Intersection of Span of Vectors and Hypercube Consider a set of vectors $\{v_1,\ldots,v_k\}\in\mathbb{R}^n$. Denote the span of these vectors by $Sp(v_1,\ldots,v_k)$. Is there a method to determine,
$Sp(v_1,\ldots,v_k)\cap \{0,1\}^n$
That is, the intersection of the span of the vectors and the $n$-hypercube?

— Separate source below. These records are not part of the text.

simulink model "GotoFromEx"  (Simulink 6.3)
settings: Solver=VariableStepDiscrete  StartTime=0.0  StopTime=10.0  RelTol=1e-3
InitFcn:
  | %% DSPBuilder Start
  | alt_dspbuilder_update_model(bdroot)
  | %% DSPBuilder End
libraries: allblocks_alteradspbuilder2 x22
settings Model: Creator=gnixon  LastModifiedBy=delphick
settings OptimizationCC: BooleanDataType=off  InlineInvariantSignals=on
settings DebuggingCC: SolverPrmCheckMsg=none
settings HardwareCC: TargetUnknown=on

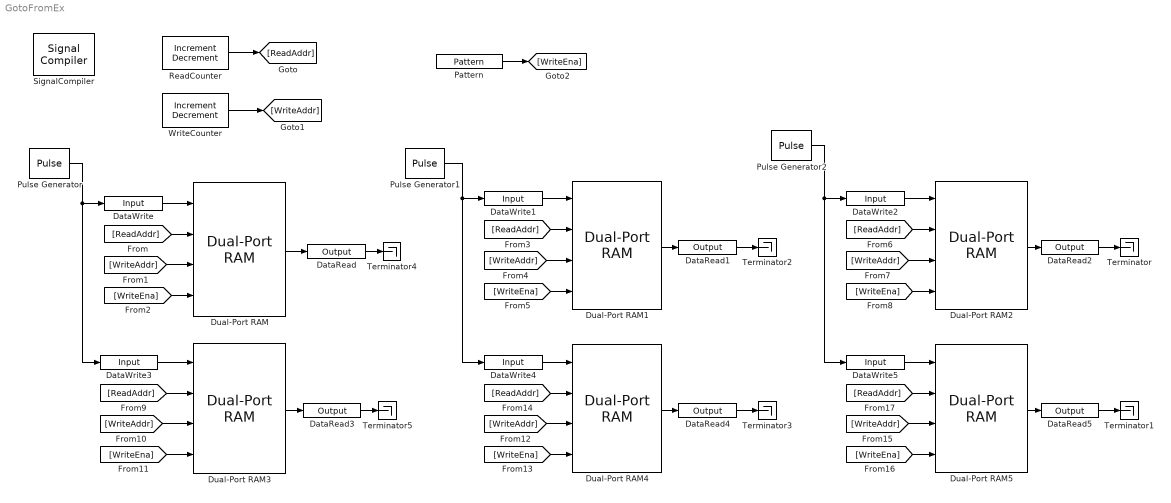
== system GotoFromEx ==
  DataRead : allblocks_alteradspbuilder2/Output  iofile=C:\workspace_clean\Documentation\DesignExamples\Tutorials\UsingFromGoto\tb_GotoFromEx\GotoFromEx_DataRead.capture  BusType=Signed Integer  bwl=8  bwr=8  PORTTYPE=Output
  DataRead1 : allblocks_alteradspbuilder2/Output  iofile=C:\workspace_clean\Documentation\DesignExamples\Tutorials\UsingFromGoto\tb_GotoFromEx\GotoFromEx_DataRead1.capture  BusType=Signed Integer  bwl=8  bwr=8  PORTTYPE=Output
  DataRead2 : allblocks_alteradspbuilder2/Output  iofile=C:\workspace_clean\Documentation\DesignExamples\Tutorials\UsingFromGoto\tb_GotoFromEx\GotoFromEx_DataRead2.capture  BusType=Signed Integer  bwl=8  bwr=8  PORTTYPE=Output
  DataRead3 : allblocks_alteradspbuilder2/Output  iofile=C:\workspace_clean\Documentation\DesignExamples\Tutorials\UsingFromGoto\tb_GotoFromEx\GotoFromEx_DataRead3.capture  BusType=Signed Integer  bwl=8  bwr=8  PORTTYPE=Output
  DataRead4 : allblocks_alteradspbuilder2/Output  iofile=C:\workspace_clean\Documentation\DesignExamples\Tutorials\UsingFromGoto\tb_GotoFromEx\GotoFromEx_DataRead4.capture  BusType=Signed Integer  bwl=8  bwr=8  PORTTYPE=Output
  DataRead5 : allblocks_alteradspbuilder2/Output  iofile=C:\workspace_clean\Documentation\DesignExamples\Tutorials\UsingFromGoto\tb_GotoFromEx\GotoFromEx_DataRead5.capture  BusType=Signed Integer  bwl=8  bwr=8  PORTTYPE=Output
  DataWrite : allblocks_alteradspbuilder2/Input  iofile=C:\workspace_clean\Documentation\DesignExamples\Tutorials\UsingFromGoto\tb_GotoFromEx\GotoFromEx_DataWrite.salt  BusType=Signed Integer  bwl=8  bwr=8  SpecifyClock=off  PORTTYPE=Input
  DataWrite1 : allblocks_alteradspbuilder2/Input  iofile=C:\workspace_clean\Documentation\DesignExamples\Tutorials\UsingFromGoto\tb_GotoFromEx\GotoFromEx_DataWrite1.salt  BusType=Signed Integer  bwl=8  bwr=8  SpecifyClock=off  PORTTYPE=Input
  DataWrite2 : allblocks_alteradspbuilder2/Input  iofile=C:\workspace_clean\Documentation\DesignExamples\Tutorials\UsingFromGoto\tb_GotoFromEx\GotoFromEx_DataWrite2.salt  BusType=Signed Integer  bwl=8  bwr=8  SpecifyClock=off  PORTTYPE=Input
  DataWrite3 : allblocks_alteradspbuilder2/Input  iofile=C:\workspace_clean\Documentation\DesignExamples\Tutorials\UsingFromGoto\tb_GotoFromEx\GotoFromEx_DataWrite3.salt  BusType=Signed Integer  bwl=8  bwr=8  SpecifyClock=off  PORTTYPE=Input
  DataWrite4 : allblocks_alteradspbuilder2/Input  iofile=C:\workspace_clean\Documentation\DesignExamples\Tutorials\UsingFromGoto\tb_GotoFromEx\GotoFromEx_DataWrite4.salt  BusType=Signed Integer  bwl=8  bwr=8  SpecifyClock=off  PORTTYPE=Input
  DataWrite5 : allblocks_alteradspbuilder2/Input  iofile=C:\workspace_clean\Documentation\DesignExamples\Tutorials\UsingFromGoto\tb_GotoFromEx\GotoFromEx_DataWrite5.salt  BusType=Signed Integer  bwl=8  bwr=8  SpecifyClock=off  PORTTYPE=Input
  Dual-Port RAM{,1..5} (6 alike) : allblocks_alteradspbuilder2/Dual-Port RAM  numwords=2^(7)  BusType=Inferred  bwl=8  bwr=0  memory_type=AUTO  ram_type=DualRAM  initialization=Blank  init_file=input.hex  init_array=[0:1:15]  register_outputs=off  use_ena=off  ClockPhase=1
  Pattern : allblocks_alteradspbuilder2/Pattern  Sequence=100000  SpecifyClock=off  use_ena=off  use_sclr=off
  Pulse Generator : DiscretePulseGenerator  PulseType=Time based  PulseWidth=50
  Pulse Generator1 : DiscretePulseGenerator  PulseType=Time based  PulseWidth=50
  Pulse Generator2 : DiscretePulseGenerator  PulseType=Time based  PulseWidth=50
  ReadCounter : allblocks_alteradspbuilder2/Increment Decrement  BusType=Signed Integer  bwl=8  bwr=0  SpecifyClock=off  clr_value=0  direction=Increment  phase_selection=1  use_ena=off  use_sclr=off
  SignalCompiler : allblocks_alteradspbuilder2/Signal Compiler  DeviceFamily=Stratix IV  DeviceName=AUTO  EnableSignalTap=off  SignalTapDepth=128  UseBoardBlock=off  StpUseDefaultClock=on  StpClock=clock
  Terminator{,1..5} (6 alike) : Terminator
  WriteCounter : allblocks_alteradspbuilder2/Increment Decrement  BusType=Signed Integer  bwl=8  bwr=0  SpecifyClock=off  clr_value=0  direction=Increment  phase_selection=1  use_ena=off  use_sclr=off
  wires:
  DataWrite/1 -> Dual-Port RAM/1
  Dual-Port RAM/1 -> DataRead/1
  [ReadAddr] -> Dual-Port RAM/2
  [WriteAddr] -> Dual-Port RAM/3
  [WriteEna] -> Dual-Port RAM/4
  DataWrite1/1 -> Dual-Port RAM1/1
  Dual-Port RAM1/1 -> DataRead1/1
  [ReadAddr] -> Dual-Port RAM1/2
  [WriteAddr] -> Dual-Port RAM1/3
  [WriteEna] -> Dual-Port RAM1/4
  DataWrite2/1 -> Dual-Port RAM2/1
  Dual-Port RAM2/1 -> DataRead2/1
  [ReadAddr] -> Dual-Port RAM2/2
  [WriteAddr] -> Dual-Port RAM2/3
  [WriteEna] -> Dual-Port RAM2/4
  DataWrite3/1 -> Dual-Port RAM3/1
  Dual-Port RAM3/1 -> DataRead3/1
  [ReadAddr] -> Dual-Port RAM3/2
  [WriteAddr] -> Dual-Port RAM3/3
  [WriteEna] -> Dual-Port RAM3/4
  DataWrite4/1 -> Dual-Port RAM4/1
  Dual-Port RAM4/1 -> DataRead4/1
  [ReadAddr] -> Dual-Port RAM4/2
  [WriteAddr] -> Dual-Port RAM4/3
  [WriteEna] -> Dual-Port RAM4/4
  DataWrite5/1 -> Dual-Port RAM5/1
  Dual-Port RAM5/1 -> DataRead5/1
  [ReadAddr] -> Dual-Port RAM5/2
  [WriteAddr] -> Dual-Port RAM5/3
  [WriteEna] -> Dual-Port RAM5/4
  ReadCounter/1 -> [ReadAddr]
  WriteCounter/1 -> [WriteAddr]
  Pattern/1 -> [WriteEna]
  DataRead2/1 -> Terminator/1
  DataRead5/1 -> Terminator1/1
  DataRead1/1 -> Terminator2/1
  DataRead4/1 -> Terminator3/1
  DataRead/1 -> Terminator4/1
  DataRead3/1 -> Terminator5/1
  Pulse Generator/1 -> DataWrite/1, DataWrite3/1
  Pulse Generator1/1 -> DataWrite1/1, DataWrite4/1
  Pulse Generator2/1 -> DataWrite2/1, DataWrite5/1

Some thoughts: If the set of vectors is linear independent then every $u\in Sp(v_1,\ldots,v_k)$ can be expressed as $u=\sum_i a_iv_i$ for some real numbers $a_i$. If we try to solve for $a_i$ such that $u=e_j$ where $e_j$ is the $j$-th unit vector, we may find a solution. The it follows that $e_j\in Sp(v_1,\ldots,v_k) \cap \{0,1\}^n$. If $e_{j_1}$ and $e_{j_2}$ are both in the span, then their sum is in the span as well (simply sum the respective $a_i$ terms). Ultimately, we arrive at the set of all unit vectors in the span. Then all combinations of these will give all points on the hypercube.
Is this reasoning valid? Is there an easier way?
 A: You didn't mention whether you wanted computational efficiency or not, so I'm going to start by assuming "not". 
In that case, you can do the following:
Extend $v_1, \ldots, v_k$ by $e_1, \ldots, e_n$ to get an ordered list of $n+k$ vectors that certainly spans $n$-space (because the last $n$ do!). 
Now apply Gram-Schmidt to those, with the rule that whenever you get a $0$-vector, you simply ignore it. For instance, if $v_1 = e_2, v_2 = e_2+e_1$, then your initial set would be 
$$
e_2, e_2+e_1, e_1, e_2 e_3
$$
and Gram-Schmidt, one step at a time, would produce
$$
e_2 \\
e_2, e_1 \\
e_2, e_1, 0 [which~we~delete] \\
e_2, e_1, [0], [0] \\
e_2, e_1, [0], [0], e_3
$$
where the brackets indicate elements that were computed and then thrown out. 
When you're done, you end up with a list of orthogonal vectors
$$
u_1, u_2, \ldots, u_p, w_1, w_2, \ldots, w_{n-p}
$$
with the property that the span of the $u$s is the same as the span of the $v$s, while the $w$s span the orthogonal complement of the $v$s. 
Form a matrix 
$$
W = \begin{bmatrix}
w_1 & w_2 & \ldots & w_{n-p}
\end{bmatrix}
$$
whose columns are the $w$ vectors, and for each vertex $P_i$ of the $n$-cube, compute
$$
t_i = wP_i.
$$
This is the projection of $P_i$ onto the orthog complement of span{$v_1, \ldots, v_k$}, in $w$-coordinates. If $t_i$ is zero, then $P_i$ is in the span of the original $v$s; if it's nonzero, then it's not in the span. 
As written, you have to do this for all $2^n$ points, which is slow. But as you observe, once you find $r$ vectors in the span, all $2^r$ other vectors that are formed as positive sums of those will also be in the span, so there should be some way to simplify a bit. 
I suspect that if you put the vectors $t_i$ into a matrix $T$ (where rather than using every vertex $P_i$ of the $n$-cube, you just just $e_1, \ldots, e_n$), you can apply Gaussian elimination to the columns of $T$, and can eventually use this to find a spanning set of vertices that are in the subspace $V$. For instance, if $t_1 = Me_1$ and $t_2 = Me_2$ are both nonzero, but happen to be negatives of one another, then $M(e_1 + e_1)$ will be in $V$. And I just realized that the matrix $T$ I've just described is really just the original matrix $M$. I'll also observe that since you only want POSITIVE linear combinations of things, straight Gaussian elimination won't suffice...but something a lot like it might well do. 
I grant this isn't a complete solution, but I hope it's a useful start.